TASK PROMPT → All lines from the first line of the material up to and including the line with "B_p = 1/UAV.m" must be copied exactly, and no others.

SOURCE MATERIAL →
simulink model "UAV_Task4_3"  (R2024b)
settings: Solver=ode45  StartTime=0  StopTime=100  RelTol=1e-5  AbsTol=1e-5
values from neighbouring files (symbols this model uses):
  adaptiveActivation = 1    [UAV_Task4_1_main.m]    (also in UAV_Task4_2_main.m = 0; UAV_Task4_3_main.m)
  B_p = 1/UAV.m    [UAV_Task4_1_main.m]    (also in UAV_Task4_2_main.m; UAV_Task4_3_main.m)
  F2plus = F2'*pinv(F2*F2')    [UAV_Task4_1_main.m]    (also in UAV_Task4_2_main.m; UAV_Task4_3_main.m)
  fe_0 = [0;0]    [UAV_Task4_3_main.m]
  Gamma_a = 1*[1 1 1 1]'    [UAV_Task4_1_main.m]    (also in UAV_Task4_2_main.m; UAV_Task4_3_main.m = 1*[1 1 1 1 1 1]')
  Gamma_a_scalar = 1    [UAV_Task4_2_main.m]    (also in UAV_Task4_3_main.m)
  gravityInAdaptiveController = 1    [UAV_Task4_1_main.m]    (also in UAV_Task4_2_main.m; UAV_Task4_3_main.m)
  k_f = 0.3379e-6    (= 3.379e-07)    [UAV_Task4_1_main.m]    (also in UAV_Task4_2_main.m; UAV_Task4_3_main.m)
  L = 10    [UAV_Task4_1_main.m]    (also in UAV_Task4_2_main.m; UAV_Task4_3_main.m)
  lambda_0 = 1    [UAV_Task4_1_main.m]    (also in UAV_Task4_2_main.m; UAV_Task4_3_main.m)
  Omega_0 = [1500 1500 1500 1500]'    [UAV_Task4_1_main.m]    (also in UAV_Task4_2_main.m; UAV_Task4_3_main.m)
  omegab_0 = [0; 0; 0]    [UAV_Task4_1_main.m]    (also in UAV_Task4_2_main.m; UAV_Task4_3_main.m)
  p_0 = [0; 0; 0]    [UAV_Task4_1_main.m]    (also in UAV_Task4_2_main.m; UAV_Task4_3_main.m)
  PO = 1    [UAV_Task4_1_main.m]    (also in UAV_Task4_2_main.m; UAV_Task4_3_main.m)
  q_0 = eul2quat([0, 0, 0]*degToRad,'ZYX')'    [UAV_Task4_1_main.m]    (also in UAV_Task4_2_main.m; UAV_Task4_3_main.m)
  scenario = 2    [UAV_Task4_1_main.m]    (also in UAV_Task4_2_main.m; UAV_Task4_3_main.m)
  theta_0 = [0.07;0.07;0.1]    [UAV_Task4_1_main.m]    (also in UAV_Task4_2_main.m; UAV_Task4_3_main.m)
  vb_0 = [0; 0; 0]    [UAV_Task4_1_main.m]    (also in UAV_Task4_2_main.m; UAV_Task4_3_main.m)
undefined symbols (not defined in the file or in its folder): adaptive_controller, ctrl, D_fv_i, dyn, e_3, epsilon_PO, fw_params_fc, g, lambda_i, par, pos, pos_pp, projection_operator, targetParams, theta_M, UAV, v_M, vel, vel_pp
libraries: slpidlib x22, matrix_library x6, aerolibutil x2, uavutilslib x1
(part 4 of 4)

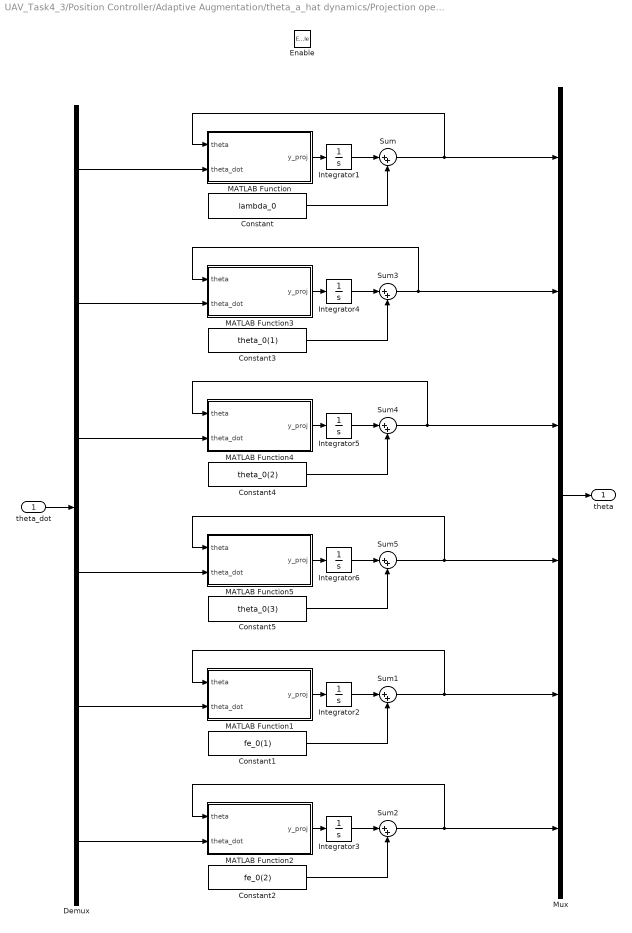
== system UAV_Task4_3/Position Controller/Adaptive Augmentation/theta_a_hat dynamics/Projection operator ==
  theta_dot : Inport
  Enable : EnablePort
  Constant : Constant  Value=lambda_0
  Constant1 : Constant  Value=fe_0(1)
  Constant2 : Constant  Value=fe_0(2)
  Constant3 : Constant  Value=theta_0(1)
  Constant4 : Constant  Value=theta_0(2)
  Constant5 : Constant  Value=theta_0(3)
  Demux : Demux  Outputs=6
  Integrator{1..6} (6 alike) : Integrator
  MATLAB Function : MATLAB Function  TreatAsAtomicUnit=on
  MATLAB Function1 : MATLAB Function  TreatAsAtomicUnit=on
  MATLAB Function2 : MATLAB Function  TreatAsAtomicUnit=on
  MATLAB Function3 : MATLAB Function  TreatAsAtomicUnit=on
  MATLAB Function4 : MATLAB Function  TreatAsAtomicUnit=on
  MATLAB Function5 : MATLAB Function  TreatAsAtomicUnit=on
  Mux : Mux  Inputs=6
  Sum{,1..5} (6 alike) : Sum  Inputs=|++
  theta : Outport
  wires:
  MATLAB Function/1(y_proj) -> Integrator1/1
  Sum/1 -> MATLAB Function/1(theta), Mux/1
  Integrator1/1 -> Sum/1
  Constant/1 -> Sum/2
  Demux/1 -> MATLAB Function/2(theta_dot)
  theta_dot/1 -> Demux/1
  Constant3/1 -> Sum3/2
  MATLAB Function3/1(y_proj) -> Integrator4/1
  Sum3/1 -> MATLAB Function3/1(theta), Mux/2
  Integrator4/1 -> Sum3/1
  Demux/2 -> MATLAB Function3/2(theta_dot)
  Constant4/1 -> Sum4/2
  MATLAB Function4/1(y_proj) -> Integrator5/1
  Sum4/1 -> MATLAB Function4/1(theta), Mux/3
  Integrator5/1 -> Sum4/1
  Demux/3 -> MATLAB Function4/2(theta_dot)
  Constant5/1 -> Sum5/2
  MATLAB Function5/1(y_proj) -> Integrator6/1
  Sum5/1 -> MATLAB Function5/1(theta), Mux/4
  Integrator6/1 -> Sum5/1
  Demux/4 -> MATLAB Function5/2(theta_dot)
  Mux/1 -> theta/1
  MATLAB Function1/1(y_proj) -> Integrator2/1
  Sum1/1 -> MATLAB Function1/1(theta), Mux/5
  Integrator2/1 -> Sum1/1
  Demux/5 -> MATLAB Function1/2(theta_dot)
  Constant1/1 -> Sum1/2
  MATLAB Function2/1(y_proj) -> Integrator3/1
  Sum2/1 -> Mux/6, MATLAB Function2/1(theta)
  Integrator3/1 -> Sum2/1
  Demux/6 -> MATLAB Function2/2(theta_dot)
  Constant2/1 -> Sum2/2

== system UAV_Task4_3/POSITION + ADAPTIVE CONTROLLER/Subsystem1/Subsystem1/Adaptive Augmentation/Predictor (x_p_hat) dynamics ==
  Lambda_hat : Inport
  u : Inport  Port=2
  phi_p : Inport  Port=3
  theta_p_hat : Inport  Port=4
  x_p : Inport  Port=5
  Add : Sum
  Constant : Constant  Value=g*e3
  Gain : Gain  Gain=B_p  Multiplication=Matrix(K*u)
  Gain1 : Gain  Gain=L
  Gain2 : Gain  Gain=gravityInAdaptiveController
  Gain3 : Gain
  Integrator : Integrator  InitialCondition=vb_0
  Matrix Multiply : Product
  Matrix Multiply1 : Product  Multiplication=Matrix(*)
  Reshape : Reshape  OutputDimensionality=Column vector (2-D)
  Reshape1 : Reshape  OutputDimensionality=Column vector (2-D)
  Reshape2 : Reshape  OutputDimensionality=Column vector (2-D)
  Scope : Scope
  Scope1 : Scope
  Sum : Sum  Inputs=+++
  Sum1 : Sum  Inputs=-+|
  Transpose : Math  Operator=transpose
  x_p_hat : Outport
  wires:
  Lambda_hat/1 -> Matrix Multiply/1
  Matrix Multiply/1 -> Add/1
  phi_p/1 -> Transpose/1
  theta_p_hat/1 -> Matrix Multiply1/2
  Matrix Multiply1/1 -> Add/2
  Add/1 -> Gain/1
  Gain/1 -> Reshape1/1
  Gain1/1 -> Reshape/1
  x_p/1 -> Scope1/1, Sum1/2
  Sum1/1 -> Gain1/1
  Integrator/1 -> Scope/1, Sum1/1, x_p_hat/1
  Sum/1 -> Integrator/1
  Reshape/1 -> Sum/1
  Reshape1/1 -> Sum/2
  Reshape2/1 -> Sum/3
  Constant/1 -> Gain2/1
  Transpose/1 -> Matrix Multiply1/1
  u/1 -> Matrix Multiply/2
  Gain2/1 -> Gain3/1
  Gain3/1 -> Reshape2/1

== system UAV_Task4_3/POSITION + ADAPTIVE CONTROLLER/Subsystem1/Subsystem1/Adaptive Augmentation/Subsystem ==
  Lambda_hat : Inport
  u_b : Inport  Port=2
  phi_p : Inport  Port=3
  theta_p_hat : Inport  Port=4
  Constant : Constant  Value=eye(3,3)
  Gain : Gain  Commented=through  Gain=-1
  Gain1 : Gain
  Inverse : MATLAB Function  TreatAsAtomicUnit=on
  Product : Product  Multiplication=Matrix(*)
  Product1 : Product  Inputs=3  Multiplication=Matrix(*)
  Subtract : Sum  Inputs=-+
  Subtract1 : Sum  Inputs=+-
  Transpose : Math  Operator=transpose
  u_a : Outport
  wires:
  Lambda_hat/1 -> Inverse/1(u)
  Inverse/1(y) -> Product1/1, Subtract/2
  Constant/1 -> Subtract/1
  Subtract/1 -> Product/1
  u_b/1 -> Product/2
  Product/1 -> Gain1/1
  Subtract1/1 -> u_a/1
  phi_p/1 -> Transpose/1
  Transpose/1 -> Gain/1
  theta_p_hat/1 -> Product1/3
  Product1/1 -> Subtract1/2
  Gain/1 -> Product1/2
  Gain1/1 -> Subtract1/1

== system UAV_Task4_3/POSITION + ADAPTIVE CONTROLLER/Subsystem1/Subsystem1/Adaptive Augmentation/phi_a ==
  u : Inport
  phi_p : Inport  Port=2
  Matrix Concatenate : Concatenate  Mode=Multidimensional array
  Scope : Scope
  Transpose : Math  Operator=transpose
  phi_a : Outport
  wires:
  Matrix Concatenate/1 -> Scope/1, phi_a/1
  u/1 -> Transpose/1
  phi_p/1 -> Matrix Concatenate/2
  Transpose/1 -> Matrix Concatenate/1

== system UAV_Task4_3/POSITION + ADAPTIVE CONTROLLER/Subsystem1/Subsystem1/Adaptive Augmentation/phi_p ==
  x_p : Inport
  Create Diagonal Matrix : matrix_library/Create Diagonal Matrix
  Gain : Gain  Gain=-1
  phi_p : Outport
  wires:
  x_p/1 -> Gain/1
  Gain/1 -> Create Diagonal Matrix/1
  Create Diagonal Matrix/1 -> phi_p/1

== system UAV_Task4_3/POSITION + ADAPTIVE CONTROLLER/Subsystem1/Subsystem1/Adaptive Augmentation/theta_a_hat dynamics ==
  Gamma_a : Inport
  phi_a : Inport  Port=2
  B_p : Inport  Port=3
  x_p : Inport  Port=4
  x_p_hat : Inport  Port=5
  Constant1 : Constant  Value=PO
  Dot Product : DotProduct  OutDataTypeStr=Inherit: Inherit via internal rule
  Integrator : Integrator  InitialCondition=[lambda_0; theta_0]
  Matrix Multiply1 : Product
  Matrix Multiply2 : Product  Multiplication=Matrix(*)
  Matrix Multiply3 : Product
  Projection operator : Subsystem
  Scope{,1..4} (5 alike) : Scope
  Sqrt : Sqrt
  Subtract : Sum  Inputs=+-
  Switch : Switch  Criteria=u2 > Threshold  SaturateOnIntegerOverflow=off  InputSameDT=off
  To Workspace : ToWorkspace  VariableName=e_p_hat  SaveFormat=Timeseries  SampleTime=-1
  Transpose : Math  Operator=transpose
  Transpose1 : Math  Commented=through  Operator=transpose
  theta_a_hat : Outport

ANSWER →
simulink model "UAV_Task4_3"  (R2024b)
settings: Solver=ode45  StartTime=0  StopTime=100  RelTol=1e-5  AbsTol=1e-5
values from neighbouring files (symbols this model uses):
  adaptiveActivation = 1    [UAV_Task4_1_main.m]    (also in UAV_Task4_2_main.m = 0; UAV_Task4_3_main.m)
  B_p = 1/UAV.m    [UAV_Task4_1_main.m]    (also in UAV_Task4_2_main.m; UAV_Task4_3_main.m)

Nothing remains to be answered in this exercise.